Child mortality and children underweight
In order to relate food demand to food security, we refer to the independently estimated children mortality and children underweight indicators for children below 5 years. In countries reporting more than 2500 kcal capita−1 d−1, child mortality and children underweight is comparatively low. Only less than 3% of these countries have child mortalities of more than 10% (Fig 8a) and children underweight of more than 20% (Fig 8b). On the other hand, countries with less than 2000 kcal capita−1 d−1 report at least a child mortality of 5% and children underweight of 10%. Although calorie availability seems to be a good indicator for the lower end of both aspects of food security, the highest values for child mortality and children underweight are not reported for countries with the lowest calorie demand values. More than every fourth child under five dies in African countries (Mali, Niger, Sierra Leone or Rwanda), where demand values between 1780 and 2200 kcal capita−1 d−1 are calculated. And nearly every second child (> 45%) under five is underweight in Asian countries (Bangladesh, India, Nepal or Cambodia) although demand values are above 2000 kcal capita−1 d−1 with one exception (between 1850 and 2300 kcal capita−1 d−1).
Percentages of child mortality (a) and children underweight (b) against food demand for 4 years (denoted by colors).

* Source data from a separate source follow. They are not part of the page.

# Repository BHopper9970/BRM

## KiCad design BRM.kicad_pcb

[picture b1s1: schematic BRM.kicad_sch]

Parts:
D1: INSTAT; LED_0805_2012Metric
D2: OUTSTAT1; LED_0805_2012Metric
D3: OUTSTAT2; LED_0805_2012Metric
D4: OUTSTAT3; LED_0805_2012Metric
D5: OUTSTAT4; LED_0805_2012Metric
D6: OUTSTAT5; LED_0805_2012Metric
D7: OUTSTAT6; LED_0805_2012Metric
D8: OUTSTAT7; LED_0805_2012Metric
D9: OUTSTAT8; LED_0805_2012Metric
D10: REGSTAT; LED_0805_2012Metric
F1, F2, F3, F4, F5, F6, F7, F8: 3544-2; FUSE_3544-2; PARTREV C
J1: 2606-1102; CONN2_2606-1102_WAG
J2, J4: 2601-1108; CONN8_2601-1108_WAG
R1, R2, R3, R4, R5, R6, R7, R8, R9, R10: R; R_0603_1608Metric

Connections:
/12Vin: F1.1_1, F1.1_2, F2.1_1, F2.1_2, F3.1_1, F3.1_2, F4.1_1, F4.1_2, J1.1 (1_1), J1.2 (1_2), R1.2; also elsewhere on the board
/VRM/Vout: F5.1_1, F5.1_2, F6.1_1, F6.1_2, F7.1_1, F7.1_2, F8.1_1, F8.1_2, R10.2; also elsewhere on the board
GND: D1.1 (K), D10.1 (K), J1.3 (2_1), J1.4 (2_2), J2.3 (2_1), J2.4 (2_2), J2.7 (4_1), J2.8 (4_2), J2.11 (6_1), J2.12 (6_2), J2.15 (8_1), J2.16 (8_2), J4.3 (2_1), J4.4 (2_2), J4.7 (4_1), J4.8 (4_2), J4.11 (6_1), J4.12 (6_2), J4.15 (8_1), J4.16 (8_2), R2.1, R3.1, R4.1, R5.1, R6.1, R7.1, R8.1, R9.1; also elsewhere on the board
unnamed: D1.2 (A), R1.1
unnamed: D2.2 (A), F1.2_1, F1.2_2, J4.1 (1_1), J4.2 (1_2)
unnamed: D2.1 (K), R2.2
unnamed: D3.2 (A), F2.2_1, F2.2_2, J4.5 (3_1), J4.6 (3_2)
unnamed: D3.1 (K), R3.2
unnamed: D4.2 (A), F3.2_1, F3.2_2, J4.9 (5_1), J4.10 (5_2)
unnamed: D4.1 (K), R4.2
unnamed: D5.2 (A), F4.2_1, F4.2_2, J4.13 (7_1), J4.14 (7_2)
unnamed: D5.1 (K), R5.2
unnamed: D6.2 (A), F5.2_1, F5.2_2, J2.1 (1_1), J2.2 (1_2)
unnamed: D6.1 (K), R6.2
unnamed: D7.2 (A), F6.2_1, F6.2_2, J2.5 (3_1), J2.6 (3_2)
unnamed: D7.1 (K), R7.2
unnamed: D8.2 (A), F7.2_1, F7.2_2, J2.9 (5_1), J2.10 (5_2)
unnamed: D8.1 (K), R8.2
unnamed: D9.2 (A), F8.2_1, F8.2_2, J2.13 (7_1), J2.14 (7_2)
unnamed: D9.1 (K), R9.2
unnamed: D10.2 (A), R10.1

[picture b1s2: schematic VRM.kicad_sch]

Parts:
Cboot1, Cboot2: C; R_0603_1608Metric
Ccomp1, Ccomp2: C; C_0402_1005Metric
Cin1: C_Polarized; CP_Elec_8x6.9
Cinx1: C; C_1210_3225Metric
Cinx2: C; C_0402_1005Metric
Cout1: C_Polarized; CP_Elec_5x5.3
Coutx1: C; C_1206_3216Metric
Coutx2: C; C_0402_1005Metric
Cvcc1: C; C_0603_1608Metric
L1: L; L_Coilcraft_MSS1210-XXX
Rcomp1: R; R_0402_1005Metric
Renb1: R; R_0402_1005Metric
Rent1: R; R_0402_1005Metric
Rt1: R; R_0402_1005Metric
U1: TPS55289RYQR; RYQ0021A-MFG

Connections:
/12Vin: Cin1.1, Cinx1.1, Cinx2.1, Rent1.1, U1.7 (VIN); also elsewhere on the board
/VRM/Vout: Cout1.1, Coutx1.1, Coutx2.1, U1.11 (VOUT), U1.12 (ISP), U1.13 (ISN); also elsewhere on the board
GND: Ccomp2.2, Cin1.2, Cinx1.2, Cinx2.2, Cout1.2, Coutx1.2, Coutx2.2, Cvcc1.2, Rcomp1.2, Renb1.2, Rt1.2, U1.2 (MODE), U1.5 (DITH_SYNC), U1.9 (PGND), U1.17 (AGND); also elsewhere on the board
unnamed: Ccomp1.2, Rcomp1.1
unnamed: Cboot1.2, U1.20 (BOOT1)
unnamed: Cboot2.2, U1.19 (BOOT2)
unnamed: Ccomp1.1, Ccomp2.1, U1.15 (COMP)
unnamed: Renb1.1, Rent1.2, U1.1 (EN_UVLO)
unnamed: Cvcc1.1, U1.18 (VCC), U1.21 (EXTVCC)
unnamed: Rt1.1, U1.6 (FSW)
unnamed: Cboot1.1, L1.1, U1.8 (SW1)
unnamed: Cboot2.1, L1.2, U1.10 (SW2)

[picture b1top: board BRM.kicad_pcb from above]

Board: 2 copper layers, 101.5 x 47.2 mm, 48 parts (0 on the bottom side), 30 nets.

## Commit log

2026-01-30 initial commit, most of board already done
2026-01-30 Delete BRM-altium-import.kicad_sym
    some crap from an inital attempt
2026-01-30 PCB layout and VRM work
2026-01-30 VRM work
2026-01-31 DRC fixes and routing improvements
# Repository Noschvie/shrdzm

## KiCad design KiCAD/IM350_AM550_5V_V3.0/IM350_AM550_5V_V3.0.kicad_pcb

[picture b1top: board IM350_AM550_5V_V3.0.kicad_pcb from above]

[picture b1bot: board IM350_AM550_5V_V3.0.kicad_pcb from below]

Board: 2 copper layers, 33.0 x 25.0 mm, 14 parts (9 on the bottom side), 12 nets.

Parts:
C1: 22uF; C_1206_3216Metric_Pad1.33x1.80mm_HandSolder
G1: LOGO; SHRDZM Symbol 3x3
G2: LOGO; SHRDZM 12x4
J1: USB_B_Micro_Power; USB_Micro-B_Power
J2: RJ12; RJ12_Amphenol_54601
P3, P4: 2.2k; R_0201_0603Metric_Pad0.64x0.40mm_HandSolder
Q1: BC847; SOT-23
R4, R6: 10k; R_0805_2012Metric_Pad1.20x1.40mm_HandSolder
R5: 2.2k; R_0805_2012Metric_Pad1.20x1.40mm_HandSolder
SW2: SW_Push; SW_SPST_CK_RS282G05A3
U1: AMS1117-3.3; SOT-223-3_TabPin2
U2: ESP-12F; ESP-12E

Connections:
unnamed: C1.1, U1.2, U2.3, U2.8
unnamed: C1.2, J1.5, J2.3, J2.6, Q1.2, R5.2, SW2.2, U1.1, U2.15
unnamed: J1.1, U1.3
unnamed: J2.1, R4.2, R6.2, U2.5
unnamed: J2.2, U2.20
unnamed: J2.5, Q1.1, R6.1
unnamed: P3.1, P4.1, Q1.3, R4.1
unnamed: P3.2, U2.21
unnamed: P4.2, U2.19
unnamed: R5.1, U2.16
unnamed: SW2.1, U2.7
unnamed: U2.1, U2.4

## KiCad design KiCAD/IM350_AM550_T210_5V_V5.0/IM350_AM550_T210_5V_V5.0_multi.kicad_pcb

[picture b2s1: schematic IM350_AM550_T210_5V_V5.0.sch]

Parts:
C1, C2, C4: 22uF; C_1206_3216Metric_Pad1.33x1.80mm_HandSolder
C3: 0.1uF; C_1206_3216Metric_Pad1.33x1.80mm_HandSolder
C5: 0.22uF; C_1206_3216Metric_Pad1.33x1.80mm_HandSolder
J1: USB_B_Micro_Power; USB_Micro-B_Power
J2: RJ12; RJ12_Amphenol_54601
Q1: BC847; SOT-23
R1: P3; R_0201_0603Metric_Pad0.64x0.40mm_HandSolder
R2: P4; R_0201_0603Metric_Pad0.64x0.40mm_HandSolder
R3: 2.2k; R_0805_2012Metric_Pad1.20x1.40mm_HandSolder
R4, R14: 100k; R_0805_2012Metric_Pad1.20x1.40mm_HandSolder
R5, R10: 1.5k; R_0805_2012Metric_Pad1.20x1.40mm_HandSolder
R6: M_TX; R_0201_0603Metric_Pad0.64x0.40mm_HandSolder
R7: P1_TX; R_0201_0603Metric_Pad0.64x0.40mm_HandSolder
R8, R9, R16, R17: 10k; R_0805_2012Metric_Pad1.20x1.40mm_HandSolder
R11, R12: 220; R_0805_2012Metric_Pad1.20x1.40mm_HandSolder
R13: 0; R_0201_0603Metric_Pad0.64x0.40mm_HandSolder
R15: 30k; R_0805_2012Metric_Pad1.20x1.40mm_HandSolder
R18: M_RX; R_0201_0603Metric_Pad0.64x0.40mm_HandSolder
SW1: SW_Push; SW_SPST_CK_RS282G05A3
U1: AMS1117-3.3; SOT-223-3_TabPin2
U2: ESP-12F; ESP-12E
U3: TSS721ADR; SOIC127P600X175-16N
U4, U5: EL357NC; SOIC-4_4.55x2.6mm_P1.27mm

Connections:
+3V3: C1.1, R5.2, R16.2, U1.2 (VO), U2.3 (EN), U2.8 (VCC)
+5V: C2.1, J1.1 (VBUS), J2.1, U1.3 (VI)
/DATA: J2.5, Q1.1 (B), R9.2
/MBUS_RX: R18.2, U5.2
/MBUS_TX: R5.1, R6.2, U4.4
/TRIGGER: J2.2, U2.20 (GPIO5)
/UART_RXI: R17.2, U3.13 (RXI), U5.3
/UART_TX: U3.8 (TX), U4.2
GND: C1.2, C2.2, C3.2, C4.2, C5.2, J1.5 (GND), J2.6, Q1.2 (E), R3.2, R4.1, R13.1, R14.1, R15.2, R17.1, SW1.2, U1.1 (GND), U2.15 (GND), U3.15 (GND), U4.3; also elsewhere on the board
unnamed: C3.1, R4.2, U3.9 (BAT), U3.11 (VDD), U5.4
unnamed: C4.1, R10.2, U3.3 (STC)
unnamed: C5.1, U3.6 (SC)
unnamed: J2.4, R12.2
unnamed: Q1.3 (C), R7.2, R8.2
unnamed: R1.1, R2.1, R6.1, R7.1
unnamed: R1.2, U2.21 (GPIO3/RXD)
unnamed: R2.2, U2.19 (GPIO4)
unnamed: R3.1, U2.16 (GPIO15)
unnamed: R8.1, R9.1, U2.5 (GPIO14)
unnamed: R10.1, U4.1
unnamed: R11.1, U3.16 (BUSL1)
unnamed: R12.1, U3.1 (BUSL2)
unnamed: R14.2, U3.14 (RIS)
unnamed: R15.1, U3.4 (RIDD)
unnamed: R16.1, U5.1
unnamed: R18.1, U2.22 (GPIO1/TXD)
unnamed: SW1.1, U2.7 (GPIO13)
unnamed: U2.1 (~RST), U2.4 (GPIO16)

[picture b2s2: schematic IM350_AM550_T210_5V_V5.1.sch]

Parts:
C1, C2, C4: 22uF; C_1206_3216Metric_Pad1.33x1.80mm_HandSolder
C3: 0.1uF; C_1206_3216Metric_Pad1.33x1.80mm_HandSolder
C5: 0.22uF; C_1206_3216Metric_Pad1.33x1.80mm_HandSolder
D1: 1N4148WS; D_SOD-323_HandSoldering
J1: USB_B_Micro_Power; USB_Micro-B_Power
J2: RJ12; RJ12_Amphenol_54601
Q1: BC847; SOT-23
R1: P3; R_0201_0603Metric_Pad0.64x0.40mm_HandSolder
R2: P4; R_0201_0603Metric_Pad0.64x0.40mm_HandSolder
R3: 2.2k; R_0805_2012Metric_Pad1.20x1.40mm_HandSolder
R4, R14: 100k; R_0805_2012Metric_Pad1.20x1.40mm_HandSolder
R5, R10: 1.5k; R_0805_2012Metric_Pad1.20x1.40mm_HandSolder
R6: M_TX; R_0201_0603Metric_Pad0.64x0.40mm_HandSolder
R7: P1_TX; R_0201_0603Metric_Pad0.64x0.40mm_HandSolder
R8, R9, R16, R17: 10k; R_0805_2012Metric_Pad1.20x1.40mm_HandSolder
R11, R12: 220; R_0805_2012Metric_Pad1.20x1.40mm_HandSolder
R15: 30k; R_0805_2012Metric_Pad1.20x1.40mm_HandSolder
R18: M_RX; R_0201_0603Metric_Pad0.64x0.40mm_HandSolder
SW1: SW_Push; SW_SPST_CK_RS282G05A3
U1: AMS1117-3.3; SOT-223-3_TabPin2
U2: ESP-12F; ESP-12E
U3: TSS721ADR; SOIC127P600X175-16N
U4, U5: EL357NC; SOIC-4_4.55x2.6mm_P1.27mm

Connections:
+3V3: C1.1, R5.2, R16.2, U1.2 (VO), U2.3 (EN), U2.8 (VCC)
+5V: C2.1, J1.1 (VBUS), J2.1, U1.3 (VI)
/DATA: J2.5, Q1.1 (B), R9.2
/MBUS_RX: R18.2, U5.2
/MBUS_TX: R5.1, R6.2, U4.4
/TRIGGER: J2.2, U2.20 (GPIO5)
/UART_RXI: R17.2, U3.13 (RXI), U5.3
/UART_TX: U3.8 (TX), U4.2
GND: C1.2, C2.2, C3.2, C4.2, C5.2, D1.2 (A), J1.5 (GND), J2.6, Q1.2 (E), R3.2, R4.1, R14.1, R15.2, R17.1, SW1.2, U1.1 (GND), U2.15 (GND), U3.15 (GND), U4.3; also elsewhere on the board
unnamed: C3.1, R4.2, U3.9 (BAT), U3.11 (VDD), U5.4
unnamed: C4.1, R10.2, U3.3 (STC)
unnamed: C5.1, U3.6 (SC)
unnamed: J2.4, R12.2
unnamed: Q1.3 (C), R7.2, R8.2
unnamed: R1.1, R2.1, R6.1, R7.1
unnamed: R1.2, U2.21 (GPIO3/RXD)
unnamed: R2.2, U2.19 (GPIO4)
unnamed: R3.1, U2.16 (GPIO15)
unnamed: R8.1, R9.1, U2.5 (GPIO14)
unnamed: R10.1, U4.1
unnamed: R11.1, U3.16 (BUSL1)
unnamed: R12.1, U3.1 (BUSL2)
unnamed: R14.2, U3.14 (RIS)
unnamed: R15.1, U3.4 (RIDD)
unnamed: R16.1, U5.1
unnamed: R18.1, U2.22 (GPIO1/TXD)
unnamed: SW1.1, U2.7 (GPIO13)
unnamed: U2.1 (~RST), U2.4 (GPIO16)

Data are taken from Von Grebmer et al. [49] and FAOSTAT [1]. Lines indicate the thresholds for calorie demand of 2000 and 2500 kcal capita−1 d−1, child mortality percentages of 5 and 10% and children underweight percentages of 10 and 20%.
Discussion
Interpretation of functional relations
Driving processes behind food demand dynamics are most likely different for the short-term and for the long-term. Major drivers of short-term dynamics include harvest failure, food storage capacities, expectation failures, policy interventions like trade regulations or biofuel targets, or business cycles and speculation. In contrast, major drivers of long-term dynamics include population, income, urbanization, demographic composition, market access, lifestyles, or the extent of physical labor. Long-term models should therefore consider other drivers and dynamics than short-term models. We decided to reduce the complexity to three major indicators that are representatives for these drivers, namely population, income and time.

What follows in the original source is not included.